In 1940, The Grapes of Wrath won a Pulitzer Prize in the Novel category, and Arthur Krock of the New York Times got one for Correspondence Journalism for his exclusive interview with the President of the United States. That year, however, recognition for excellence in the newest mass medium was not on the Pulitzer judges' agenda. That medium was radio.
The George Foster Peabody Award, administered by UGA's Grady College of Journalism and Mass Communication, began as electronic media's answer to the well-known Pulitzer Prize. Pulitzers "rejected the idea of including radio programming in awards as not quite worthy," according to Master of Ceremonies Walter Cronkite in his opening remarks at the 61st Annual Peabody Awards show.

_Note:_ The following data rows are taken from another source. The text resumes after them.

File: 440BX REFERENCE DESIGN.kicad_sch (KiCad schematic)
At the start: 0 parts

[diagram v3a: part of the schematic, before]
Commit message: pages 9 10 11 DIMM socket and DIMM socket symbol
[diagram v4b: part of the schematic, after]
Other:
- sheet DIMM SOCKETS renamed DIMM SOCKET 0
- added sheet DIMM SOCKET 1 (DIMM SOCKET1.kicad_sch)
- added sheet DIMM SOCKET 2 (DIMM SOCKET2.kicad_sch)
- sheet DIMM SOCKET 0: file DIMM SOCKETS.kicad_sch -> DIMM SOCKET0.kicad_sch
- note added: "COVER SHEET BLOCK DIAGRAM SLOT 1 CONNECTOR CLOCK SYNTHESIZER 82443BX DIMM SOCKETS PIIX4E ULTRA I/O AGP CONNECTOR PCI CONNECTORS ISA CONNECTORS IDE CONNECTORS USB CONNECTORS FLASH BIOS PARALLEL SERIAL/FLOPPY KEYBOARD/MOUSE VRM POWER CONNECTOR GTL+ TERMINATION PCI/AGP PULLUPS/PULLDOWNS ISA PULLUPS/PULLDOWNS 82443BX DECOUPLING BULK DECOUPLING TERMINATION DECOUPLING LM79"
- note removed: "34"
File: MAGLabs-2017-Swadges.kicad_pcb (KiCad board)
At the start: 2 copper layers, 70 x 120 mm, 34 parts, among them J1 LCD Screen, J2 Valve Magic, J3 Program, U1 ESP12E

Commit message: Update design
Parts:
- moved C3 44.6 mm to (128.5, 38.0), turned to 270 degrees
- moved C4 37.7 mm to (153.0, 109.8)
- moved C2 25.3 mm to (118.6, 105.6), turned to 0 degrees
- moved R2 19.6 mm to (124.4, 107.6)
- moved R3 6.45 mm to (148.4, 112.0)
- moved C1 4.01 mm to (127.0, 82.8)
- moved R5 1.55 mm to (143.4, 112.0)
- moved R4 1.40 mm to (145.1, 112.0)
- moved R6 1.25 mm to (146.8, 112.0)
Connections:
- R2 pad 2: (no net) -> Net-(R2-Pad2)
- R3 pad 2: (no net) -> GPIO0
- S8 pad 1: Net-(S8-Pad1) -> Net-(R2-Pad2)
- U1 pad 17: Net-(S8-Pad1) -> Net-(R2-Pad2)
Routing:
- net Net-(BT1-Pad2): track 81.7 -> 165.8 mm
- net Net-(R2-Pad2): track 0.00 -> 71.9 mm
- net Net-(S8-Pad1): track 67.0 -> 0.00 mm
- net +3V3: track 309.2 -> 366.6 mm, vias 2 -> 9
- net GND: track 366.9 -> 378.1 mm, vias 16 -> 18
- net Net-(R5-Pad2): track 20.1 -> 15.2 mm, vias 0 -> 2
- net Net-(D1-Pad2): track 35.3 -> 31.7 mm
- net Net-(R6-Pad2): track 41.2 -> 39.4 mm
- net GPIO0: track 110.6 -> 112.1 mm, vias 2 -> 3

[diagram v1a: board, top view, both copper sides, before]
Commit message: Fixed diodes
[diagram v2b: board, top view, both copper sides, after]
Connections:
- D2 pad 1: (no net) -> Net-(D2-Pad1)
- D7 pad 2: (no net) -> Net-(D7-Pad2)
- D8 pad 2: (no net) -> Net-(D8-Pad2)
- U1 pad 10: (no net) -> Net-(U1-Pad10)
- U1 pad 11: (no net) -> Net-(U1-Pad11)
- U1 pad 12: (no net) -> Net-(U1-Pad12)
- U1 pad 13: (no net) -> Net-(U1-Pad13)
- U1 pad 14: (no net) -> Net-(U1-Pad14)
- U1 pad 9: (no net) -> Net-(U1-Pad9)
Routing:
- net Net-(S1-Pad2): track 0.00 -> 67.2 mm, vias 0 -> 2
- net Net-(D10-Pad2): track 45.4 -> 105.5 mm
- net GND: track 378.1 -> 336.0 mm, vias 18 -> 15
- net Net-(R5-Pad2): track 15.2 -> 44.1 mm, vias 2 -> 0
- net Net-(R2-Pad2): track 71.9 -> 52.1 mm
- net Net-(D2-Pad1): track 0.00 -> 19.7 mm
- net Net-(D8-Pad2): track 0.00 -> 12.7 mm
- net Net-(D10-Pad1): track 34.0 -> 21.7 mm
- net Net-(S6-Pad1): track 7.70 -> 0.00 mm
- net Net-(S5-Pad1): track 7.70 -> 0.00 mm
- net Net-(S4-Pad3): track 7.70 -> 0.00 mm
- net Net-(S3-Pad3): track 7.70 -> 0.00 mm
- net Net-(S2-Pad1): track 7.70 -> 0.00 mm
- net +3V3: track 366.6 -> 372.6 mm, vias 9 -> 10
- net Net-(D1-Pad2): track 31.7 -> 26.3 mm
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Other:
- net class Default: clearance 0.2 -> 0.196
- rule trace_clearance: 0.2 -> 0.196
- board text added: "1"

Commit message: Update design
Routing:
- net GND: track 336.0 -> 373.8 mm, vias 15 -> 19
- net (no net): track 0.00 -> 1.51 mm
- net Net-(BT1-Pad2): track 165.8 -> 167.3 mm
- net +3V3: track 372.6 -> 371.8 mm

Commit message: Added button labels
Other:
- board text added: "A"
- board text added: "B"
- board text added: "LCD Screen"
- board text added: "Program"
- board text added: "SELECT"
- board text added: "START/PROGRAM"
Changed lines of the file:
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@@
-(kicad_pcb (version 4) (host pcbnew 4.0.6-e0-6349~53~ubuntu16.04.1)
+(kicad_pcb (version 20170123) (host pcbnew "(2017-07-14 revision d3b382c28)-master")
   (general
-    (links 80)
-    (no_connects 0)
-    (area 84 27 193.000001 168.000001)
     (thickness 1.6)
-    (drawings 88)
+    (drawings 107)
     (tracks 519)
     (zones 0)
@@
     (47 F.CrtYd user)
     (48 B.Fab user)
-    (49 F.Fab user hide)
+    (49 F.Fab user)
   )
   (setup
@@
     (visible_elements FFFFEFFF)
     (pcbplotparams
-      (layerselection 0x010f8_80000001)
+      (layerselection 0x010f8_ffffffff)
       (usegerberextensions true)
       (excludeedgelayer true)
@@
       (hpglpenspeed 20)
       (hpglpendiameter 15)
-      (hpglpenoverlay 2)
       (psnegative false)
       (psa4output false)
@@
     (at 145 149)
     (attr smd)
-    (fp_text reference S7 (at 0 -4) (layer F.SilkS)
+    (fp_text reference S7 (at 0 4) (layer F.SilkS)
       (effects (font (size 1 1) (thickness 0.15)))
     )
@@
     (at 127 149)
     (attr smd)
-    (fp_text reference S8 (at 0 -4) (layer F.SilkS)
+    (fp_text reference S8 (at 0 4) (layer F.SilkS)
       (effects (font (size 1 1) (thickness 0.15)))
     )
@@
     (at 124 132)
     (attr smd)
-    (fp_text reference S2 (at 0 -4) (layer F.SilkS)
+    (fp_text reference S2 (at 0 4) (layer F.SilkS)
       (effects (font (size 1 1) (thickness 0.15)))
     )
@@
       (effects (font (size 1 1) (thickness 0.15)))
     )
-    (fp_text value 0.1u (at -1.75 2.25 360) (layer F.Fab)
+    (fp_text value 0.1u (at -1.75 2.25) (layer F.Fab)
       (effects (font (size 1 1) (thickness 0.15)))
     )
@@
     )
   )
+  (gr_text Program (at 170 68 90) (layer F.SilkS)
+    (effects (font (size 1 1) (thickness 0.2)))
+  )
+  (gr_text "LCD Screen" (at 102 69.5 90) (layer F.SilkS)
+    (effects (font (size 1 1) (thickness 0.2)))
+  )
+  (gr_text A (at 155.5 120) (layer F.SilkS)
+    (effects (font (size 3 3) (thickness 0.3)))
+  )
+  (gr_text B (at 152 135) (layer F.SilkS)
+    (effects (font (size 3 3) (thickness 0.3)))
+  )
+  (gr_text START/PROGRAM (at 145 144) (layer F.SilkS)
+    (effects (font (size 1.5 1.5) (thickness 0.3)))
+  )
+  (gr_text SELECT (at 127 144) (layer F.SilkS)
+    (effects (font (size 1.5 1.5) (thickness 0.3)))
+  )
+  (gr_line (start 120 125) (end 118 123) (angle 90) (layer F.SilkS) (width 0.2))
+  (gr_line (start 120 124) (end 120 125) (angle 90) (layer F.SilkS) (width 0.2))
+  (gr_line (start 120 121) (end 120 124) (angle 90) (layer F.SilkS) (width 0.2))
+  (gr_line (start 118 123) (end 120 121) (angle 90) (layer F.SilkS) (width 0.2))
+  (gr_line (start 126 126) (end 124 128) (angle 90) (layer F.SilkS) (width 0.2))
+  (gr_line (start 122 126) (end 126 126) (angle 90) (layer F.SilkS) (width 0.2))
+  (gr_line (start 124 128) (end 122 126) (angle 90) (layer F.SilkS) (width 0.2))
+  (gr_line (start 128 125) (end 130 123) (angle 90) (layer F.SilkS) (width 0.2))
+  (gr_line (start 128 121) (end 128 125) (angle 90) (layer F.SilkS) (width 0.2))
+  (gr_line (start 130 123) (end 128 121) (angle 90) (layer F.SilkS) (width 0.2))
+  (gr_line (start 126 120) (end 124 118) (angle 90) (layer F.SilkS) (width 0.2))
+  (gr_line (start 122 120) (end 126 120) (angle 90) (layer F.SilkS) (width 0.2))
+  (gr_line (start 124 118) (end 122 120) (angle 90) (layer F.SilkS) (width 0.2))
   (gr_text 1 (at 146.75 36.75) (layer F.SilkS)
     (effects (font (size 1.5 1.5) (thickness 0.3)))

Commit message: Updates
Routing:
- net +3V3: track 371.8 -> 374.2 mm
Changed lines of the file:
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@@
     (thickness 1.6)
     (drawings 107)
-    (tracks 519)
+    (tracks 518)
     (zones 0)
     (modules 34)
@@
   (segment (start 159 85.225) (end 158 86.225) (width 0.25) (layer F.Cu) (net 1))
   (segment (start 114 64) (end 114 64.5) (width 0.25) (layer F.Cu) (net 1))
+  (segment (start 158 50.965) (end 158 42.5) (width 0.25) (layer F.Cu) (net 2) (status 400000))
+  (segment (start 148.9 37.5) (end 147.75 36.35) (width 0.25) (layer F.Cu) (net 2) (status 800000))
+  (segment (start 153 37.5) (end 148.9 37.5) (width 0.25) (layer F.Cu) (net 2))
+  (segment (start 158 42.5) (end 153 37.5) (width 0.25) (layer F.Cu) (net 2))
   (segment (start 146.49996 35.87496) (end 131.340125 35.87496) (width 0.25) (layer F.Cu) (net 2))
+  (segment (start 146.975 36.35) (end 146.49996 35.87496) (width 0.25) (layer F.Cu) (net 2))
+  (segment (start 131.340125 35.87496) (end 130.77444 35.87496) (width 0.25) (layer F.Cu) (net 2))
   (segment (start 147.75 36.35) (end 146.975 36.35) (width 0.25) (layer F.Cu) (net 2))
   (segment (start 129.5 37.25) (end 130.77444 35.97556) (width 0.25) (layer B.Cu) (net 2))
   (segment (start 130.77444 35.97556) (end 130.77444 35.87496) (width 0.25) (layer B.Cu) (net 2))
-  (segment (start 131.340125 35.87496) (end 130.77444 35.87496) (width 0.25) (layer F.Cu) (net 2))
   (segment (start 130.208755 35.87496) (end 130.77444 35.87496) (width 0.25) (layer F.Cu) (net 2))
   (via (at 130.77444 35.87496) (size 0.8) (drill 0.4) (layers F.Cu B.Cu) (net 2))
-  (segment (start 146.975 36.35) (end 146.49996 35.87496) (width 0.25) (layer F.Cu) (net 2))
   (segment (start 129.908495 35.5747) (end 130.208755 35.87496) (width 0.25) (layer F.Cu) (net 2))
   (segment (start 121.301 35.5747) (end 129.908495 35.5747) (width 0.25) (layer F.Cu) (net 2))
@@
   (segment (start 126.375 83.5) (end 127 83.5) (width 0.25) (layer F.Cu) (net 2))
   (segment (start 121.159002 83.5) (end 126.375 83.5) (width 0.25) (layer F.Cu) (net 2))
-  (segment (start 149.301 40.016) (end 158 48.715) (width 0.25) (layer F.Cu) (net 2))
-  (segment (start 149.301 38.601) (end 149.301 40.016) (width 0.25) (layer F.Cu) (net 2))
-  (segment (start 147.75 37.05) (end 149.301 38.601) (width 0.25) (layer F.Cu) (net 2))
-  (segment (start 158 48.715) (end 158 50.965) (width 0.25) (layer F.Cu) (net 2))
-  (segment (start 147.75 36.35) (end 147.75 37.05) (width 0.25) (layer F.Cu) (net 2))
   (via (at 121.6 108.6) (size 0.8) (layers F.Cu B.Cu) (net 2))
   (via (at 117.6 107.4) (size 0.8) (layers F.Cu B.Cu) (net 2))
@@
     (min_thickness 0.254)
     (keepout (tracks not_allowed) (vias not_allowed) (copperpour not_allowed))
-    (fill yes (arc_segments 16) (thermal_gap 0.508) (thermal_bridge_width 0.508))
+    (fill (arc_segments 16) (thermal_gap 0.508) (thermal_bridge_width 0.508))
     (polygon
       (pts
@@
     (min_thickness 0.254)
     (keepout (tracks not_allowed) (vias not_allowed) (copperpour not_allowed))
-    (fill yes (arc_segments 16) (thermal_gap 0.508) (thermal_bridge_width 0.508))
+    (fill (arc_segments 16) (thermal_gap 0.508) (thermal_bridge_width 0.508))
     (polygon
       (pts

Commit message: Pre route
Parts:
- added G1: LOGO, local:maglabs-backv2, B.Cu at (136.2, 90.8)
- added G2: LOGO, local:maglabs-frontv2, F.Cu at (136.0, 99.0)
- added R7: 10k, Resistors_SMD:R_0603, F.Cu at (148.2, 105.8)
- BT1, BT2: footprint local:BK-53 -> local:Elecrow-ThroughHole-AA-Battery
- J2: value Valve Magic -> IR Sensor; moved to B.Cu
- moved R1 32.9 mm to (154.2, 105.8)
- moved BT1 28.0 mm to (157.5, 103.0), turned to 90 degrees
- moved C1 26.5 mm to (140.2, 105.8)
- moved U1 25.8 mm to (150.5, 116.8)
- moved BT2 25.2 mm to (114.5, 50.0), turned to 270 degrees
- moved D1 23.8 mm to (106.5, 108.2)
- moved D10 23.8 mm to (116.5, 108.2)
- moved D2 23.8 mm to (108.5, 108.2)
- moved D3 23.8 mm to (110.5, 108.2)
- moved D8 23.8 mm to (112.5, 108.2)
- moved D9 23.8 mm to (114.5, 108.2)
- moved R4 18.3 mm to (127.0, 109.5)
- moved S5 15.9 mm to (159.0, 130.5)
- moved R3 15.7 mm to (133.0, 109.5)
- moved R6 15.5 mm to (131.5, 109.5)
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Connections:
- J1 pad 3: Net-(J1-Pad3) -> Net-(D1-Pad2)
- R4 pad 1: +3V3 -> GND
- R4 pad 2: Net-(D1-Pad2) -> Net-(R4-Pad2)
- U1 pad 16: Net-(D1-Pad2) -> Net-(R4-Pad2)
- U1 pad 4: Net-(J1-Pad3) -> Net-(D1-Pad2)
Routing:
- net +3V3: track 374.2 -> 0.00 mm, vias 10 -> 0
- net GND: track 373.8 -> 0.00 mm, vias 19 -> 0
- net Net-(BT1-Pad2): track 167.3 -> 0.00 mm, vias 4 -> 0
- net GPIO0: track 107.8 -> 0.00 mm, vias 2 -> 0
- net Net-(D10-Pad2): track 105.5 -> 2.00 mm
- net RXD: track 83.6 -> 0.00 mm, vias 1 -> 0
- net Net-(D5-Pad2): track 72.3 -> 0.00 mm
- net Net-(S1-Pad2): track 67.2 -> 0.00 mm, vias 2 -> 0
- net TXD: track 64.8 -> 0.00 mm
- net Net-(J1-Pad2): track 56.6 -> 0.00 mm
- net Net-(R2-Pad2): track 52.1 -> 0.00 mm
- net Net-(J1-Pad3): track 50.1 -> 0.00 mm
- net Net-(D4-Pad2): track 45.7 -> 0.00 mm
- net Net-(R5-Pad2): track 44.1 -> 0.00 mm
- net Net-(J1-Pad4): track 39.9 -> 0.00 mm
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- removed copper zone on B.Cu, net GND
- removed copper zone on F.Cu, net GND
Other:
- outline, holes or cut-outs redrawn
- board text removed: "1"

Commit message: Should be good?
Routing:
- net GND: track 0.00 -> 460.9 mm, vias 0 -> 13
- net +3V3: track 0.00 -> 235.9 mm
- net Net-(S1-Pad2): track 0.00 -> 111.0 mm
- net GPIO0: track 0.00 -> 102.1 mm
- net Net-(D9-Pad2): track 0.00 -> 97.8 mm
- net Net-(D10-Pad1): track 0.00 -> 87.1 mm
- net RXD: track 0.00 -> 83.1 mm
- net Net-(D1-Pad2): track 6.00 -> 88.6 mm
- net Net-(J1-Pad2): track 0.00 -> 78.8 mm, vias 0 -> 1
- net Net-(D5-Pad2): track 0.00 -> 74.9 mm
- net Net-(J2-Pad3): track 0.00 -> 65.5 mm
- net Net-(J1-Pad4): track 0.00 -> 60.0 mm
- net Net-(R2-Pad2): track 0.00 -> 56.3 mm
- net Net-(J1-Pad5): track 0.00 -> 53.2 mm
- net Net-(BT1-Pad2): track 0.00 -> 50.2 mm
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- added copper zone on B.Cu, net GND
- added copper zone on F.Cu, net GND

Frequently cited as the most prestigious, selective and coveted prize in its field, the Peabody Awards recognize distinguished achievement and meritorious public service by broadcast stations, networks, producing organizations and individuals. Today, the Peabody Award is the oldest honor of its kind and it continues to evolve to recognize excellence in broadcasting, cablecasting and webcasting.
Cronkite jested about the frequent comparisons between the two prestigious awards programs by adding, "Today we in the broadcasting industry rarely refer to the Peabody as broadcasting's Pulitzer Prize. Oh no, it's clear to us that the vaunted Pulitzers are simply the print's Peabody."
Regardless of the broadcast medium, the Peabody judges have only one criterion for which they judge: excellence.
The 63rd Annual Peabody Award Winners Announcement will be held at Georgia Public Broadcasting in Atlanta this Wednesday at 10:30 a.m. The live press conference can be seen on the Peabody Awards web site or on UGA's Channel 15.